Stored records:
▬▬▬▬▬▬▬▬▬▬

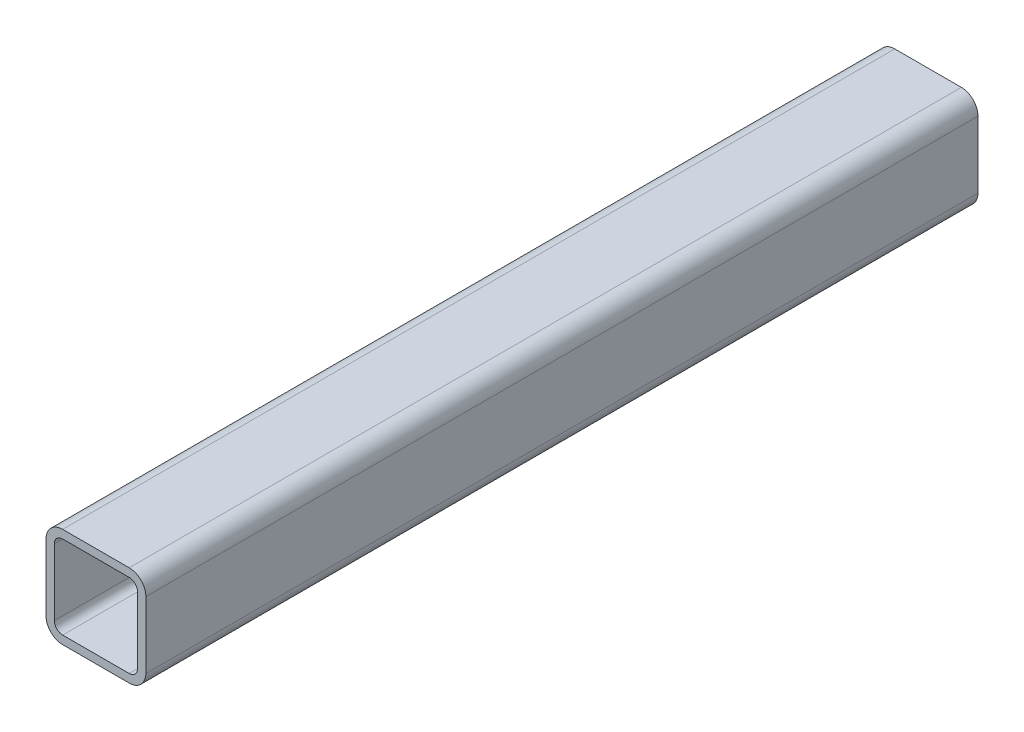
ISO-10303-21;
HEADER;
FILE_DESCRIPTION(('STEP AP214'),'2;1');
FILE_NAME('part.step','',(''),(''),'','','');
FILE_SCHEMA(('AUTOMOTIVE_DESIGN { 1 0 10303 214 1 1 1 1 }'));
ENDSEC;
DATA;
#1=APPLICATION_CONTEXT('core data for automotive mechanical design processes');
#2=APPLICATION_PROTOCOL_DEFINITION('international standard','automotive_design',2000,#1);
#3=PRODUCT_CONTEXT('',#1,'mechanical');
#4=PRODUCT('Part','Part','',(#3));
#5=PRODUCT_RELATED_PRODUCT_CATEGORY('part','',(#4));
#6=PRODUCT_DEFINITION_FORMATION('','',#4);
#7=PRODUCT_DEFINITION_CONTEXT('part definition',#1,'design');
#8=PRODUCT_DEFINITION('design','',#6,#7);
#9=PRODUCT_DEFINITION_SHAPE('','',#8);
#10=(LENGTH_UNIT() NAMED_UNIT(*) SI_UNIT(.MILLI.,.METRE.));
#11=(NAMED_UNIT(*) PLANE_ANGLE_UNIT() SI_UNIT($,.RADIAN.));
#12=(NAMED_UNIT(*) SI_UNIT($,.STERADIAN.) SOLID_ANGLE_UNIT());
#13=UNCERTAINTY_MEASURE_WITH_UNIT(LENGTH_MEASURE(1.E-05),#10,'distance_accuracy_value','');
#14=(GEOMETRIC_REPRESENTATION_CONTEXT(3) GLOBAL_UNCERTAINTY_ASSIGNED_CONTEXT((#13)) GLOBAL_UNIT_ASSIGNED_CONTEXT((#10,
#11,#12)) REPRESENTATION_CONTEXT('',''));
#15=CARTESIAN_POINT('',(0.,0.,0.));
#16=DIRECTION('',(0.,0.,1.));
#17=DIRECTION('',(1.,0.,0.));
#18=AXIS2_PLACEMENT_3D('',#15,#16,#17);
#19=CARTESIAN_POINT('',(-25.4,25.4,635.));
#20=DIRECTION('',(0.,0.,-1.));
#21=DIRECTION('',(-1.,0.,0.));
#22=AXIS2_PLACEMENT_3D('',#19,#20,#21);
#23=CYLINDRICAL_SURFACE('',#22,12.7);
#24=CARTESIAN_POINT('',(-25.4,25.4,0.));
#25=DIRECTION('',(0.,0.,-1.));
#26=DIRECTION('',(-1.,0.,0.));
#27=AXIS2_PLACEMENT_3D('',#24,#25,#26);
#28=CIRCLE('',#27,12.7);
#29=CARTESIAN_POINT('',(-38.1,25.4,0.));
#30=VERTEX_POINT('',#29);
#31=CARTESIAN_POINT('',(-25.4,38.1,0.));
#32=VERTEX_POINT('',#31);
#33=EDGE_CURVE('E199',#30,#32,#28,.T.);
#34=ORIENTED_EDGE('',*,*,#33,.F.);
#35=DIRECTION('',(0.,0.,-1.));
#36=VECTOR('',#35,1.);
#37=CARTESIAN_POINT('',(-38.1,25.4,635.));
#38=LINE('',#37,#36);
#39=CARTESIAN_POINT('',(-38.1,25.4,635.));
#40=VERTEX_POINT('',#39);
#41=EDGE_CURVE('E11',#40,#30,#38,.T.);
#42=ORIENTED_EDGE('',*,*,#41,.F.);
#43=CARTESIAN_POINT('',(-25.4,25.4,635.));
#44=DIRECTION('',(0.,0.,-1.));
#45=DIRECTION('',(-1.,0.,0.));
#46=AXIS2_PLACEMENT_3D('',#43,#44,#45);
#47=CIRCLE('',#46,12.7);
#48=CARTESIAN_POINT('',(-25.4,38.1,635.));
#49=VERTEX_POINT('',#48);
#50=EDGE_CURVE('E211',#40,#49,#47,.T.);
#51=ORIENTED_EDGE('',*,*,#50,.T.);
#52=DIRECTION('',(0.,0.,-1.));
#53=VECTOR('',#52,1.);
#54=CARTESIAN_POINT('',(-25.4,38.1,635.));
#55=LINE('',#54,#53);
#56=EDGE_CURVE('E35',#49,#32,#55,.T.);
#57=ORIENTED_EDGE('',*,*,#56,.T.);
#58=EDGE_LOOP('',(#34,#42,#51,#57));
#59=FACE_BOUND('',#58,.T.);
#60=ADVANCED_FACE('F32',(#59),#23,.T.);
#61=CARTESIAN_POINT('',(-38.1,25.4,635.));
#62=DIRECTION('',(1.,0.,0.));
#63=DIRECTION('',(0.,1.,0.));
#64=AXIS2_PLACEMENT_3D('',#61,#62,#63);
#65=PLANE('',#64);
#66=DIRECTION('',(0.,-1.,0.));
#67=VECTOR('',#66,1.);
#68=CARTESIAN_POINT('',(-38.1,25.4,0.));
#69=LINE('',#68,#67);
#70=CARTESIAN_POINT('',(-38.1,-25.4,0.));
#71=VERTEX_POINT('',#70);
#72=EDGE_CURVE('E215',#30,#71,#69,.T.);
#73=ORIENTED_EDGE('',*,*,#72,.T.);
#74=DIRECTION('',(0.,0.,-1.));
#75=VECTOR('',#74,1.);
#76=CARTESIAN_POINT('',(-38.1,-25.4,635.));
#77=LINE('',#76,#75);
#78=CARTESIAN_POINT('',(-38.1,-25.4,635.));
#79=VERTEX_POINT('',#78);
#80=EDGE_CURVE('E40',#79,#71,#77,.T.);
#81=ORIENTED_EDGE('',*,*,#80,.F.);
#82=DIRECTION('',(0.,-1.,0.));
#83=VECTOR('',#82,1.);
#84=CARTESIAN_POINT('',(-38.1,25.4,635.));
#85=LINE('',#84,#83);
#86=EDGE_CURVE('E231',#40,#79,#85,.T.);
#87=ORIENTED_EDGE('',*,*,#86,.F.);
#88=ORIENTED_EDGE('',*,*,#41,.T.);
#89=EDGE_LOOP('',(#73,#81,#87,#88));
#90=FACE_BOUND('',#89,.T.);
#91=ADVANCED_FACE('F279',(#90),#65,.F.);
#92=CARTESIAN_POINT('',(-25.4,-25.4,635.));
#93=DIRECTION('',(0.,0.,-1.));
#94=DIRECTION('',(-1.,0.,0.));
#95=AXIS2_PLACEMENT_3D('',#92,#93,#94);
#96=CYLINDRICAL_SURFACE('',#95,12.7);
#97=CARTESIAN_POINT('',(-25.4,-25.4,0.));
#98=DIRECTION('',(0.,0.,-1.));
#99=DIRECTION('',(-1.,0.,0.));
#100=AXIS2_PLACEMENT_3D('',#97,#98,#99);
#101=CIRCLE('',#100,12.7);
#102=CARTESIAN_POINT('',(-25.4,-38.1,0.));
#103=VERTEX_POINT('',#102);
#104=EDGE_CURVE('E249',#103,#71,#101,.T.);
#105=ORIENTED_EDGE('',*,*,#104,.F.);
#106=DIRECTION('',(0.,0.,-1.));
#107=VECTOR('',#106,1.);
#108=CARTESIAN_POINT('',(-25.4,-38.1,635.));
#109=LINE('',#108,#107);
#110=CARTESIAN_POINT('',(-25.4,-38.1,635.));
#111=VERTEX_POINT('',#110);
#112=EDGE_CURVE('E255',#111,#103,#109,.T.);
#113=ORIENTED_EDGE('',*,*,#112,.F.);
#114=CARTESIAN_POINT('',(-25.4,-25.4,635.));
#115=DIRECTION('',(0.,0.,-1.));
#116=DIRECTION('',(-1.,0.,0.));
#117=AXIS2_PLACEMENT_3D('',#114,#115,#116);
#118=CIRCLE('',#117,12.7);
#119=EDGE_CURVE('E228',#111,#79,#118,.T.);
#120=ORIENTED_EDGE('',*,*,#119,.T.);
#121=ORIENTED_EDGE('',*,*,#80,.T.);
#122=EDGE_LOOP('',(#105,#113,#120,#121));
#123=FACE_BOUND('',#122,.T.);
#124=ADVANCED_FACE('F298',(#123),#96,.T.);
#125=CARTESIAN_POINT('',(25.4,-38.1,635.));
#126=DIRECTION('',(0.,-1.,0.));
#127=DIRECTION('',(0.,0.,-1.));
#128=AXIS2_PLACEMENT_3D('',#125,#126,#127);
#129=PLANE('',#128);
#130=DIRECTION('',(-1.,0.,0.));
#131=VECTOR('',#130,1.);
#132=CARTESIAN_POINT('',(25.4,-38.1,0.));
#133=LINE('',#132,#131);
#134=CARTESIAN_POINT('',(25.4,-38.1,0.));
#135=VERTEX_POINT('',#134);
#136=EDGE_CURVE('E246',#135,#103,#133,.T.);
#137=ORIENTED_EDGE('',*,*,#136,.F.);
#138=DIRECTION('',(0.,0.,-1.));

▬▬▬▬▬▬▬▬▬▬

The answer must consist of every line from the entries above that contains the string "mechanical".

RESPONSE AREA:
#1=APPLICATION_CONTEXT('core data for automotive mechanical design processes');
#3=PRODUCT_CONTEXT('',#1,'mechanical');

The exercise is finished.